Do any of the fragments of paintings in the temple belong to the Pallava period? What would be the methods of dating such early paintings and answering this question? Since the paintings are found on shrines built by Rajasimha, obviously the paintings are not older than the buildings. But how does one find out whether they are not much later?

One method would be to remove the upper layers of paint until one reaches the lower-most layer.  If this bottom layer were on well-preserved stone surface, it would represent the earliest painting. However, if the building material is sandstone in the Kailasanatha temple, there is no easy way of knowing whether the original layer had not peeled off and someone had painted it subsequently. As a matter of fact, there is a Chola inscription on the inner wall of one shrine which was subsequently covered by thick plaster till very recently.

Another method would be to date a painting on stylistic grounds. This method would require several samples of well-dated paintings from other places for satisfactory comparison. However, in the Pallava period, there is only one other known example: the famous Panamalai painting.

Uma's ornaments in paintings and sculpture in the Kailasanatha Temple.
A third method and the method we propose to use here is based on a study of dress and ornaments. Our previous work has led to a  detailed study of Pallava costumes and jewellery as depicted in their arts.

In one of the enclosure shrines of the Kailasanatha temple there is a famous fragment of a painting portraying the Somaskanda theme. We propose to show now that the painting belongs to the Rajasimha period.

There are several significant parallels between this painting and sculpture of the Rajasimha period in terms of characteristics peculiar to his period. For instance, Siva is shown seated on the throne with only his left leg extending down. This is a standard characteristic to be found in more than twenty examples of the Somaskanda panel in this very same temple. In the post-Pallava period, that is, throughout the Chola, and Vijayanagar period, Siva is always portrayed with only his right  leg down.

 Again in the Kailasanatha painting, the maid shown at the feet of Uma wears a breast-band with shoulder straps of the Rajasimha style. Uma is not shown with a breast-band, but her torso is represented as coloured with sandal. Uma is shown wearing a sari from the waist down, just covering the knee. This is exactly as depicted in the Somaskanda sculptures of Rajasirnha's period. 

The parallel between this painting and Rajasirnha's sculpture was very close except for two peculiar ornaments. Both are found on Uma's arms, above the elbow. One type is an unusual arm-band with spaced rosettes. The other type is a simple single band worn immediately above both elbows. This elbowlet is similar to those so commonly found on figures of the Chola period.

From the time we first noted the elbowlet in the Kailasanatha painting, we began to wonder whether this painting was indeed contemporaneous with the temple's construction.

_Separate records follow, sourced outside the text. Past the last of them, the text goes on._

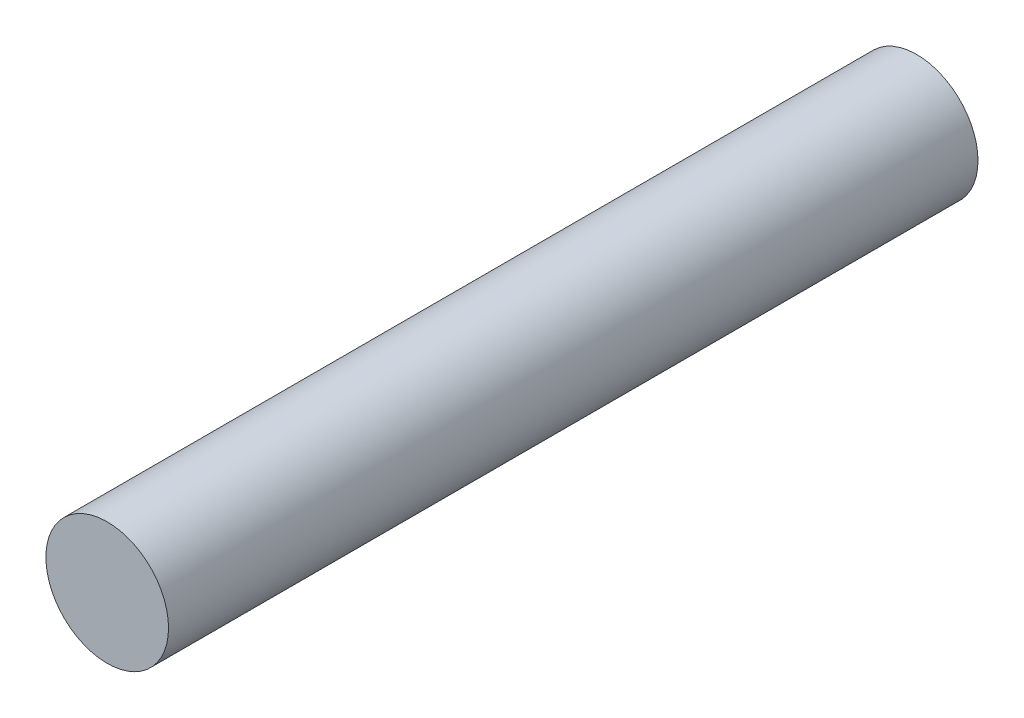
ISO-10303-21;
HEADER;
FILE_DESCRIPTION(('STEP AP214'),'2;1');
FILE_NAME('part.step','',(''),(''),'','','');
FILE_SCHEMA(('AUTOMOTIVE_DESIGN { 1 0 10303 214 1 1 1 1 }'));
ENDSEC;
DATA;
#1=APPLICATION_CONTEXT('core data for automotive mechanical design processes');
#2=APPLICATION_PROTOCOL_DEFINITION('international standard','automotive_design',2000,#1);
#3=PRODUCT_CONTEXT('',#1,'mechanical');
#4=PRODUCT('Part','Part','',(#3));
#5=PRODUCT_RELATED_PRODUCT_CATEGORY('part','',(#4));
#6=PRODUCT_DEFINITION_FORMATION('','',#4);
#7=PRODUCT_DEFINITION_CONTEXT('part definition',#1,'design');
#8=PRODUCT_DEFINITION('design','',#6,#7);
#9=PRODUCT_DEFINITION_SHAPE('','',#8);
#10=(LENGTH_UNIT() NAMED_UNIT(*) SI_UNIT(.MILLI.,.METRE.));
#11=(NAMED_UNIT(*) PLANE_ANGLE_UNIT() SI_UNIT($,.RADIAN.));
#12=(NAMED_UNIT(*) SI_UNIT($,.STERADIAN.) SOLID_ANGLE_UNIT());
#13=UNCERTAINTY_MEASURE_WITH_UNIT(LENGTH_MEASURE(1.E-05),#10,'distance_accuracy_value','');
#14=(GEOMETRIC_REPRESENTATION_CONTEXT(3) GLOBAL_UNCERTAINTY_ASSIGNED_CONTEXT((#13)) GLOBAL_UNIT_ASSIGNED_CONTEXT((#10,
#11,#12)) REPRESENTATION_CONTEXT('',''));
#15=CARTESIAN_POINT('',(0.,0.,0.));
#16=DIRECTION('',(0.,0.,1.));
#17=DIRECTION('',(1.,0.,0.));
#18=AXIS2_PLACEMENT_3D('',#15,#16,#17);
#19=CARTESIAN_POINT('',(0.,0.,33.));
#20=DIRECTION('',(0.,0.,-1.));
#21=DIRECTION('',(-1.,0.,0.));
#22=AXIS2_PLACEMENT_3D('',#19,#20,#21);
#23=CYLINDRICAL_SURFACE('',#22,2.5);
#24=CARTESIAN_POINT('',(0.,0.,33.));
#25=DIRECTION('',(0.,0.,1.));
#26=DIRECTION('',(1.,0.,0.));
#27=AXIS2_PLACEMENT_3D('',#24,#25,#26);
#28=CIRCLE('',#27,2.5);
#29=CARTESIAN_POINT('',(2.5,0.,33.));
#30=VERTEX_POINT('',#29);
#31=EDGE_CURVE('E10',#30,#30,#28,.T.);
#32=ORIENTED_EDGE('',*,*,#31,.F.);
#33=EDGE_LOOP('',(#32));
#34=FACE_BOUND('',#33,.T.);
#35=CARTESIAN_POINT('',(0.,0.,0.));
#36=DIRECTION('',(0.,0.,1.));
#37=DIRECTION('',(1.,0.,0.));
#38=AXIS2_PLACEMENT_3D('',#35,#36,#37);
#39=CIRCLE('',#38,2.5);
#40=CARTESIAN_POINT('',(2.5,0.,0.));
#41=VERTEX_POINT('',#40);
#42=EDGE_CURVE('E32',#41,#41,#39,.T.);
#43=ORIENTED_EDGE('',*,*,#42,.T.);
#44=EDGE_LOOP('',(#43));
#45=FACE_BOUND('',#44,.T.);
#46=ADVANCED_FACE('F29',(#34,#45),#23,.T.);
#47=CARTESIAN_POINT('',(0.,0.,33.));
#48=DIRECTION('',(0.,0.,1.));
#49=DIRECTION('',(1.,0.,0.));
#50=AXIS2_PLACEMENT_3D('',#47,#48,#49);
#51=PLANE('',#50);
#52=ORIENTED_EDGE('',*,*,#31,.T.);
#53=EDGE_LOOP('',(#52));
#54=FACE_BOUND('',#53,.T.);
#55=ADVANCED_FACE('F44',(#54),#51,.T.);
#56=CARTESIAN_POINT('',(0.,0.,0.));
#57=DIRECTION('',(0.,0.,1.));
#58=DIRECTION('',(1.,0.,0.));
#59=AXIS2_PLACEMENT_3D('',#56,#57,#58);
#60=PLANE('',#59);
#61=ORIENTED_EDGE('',*,*,#42,.F.);
#62=EDGE_LOOP('',(#61));
#63=FACE_BOUND('',#62,.T.);
#64=ADVANCED_FACE('F42',(#63),#60,.F.);
#65=CLOSED_SHELL('',(#46,#55,#64));
#66=MANIFOLD_SOLID_BREP('B2',#65);
#67=ADVANCED_BREP_SHAPE_REPRESENTATION('',(#18,#66),#14);
#68=SHAPE_DEFINITION_REPRESENTATION(#9,#67);
ENDSEC;
END-ISO-10303-21;

However, recently, while examining a niche of the main shrine, we came across both the unusual ornaments on a sculpture of Uma.This figure is found next to that of Siva dancing. In a niche reached through the front hall of the main shrine. The sculpture in this niche is part of the original temple. Thus the parallel between painting and sculpture is complete. The unusual rosetted arm-band found on both painting and sculptures is striking confirmation that the painting belongs to the Rajasimha period.

Another important outcome of this discovery of ours is that the elbowlet, so common on Chola figures, clearly appears in sculpture of the Rajasimha Pallava period  around 700 A.D., that is some 200 years before the domination of Chola art.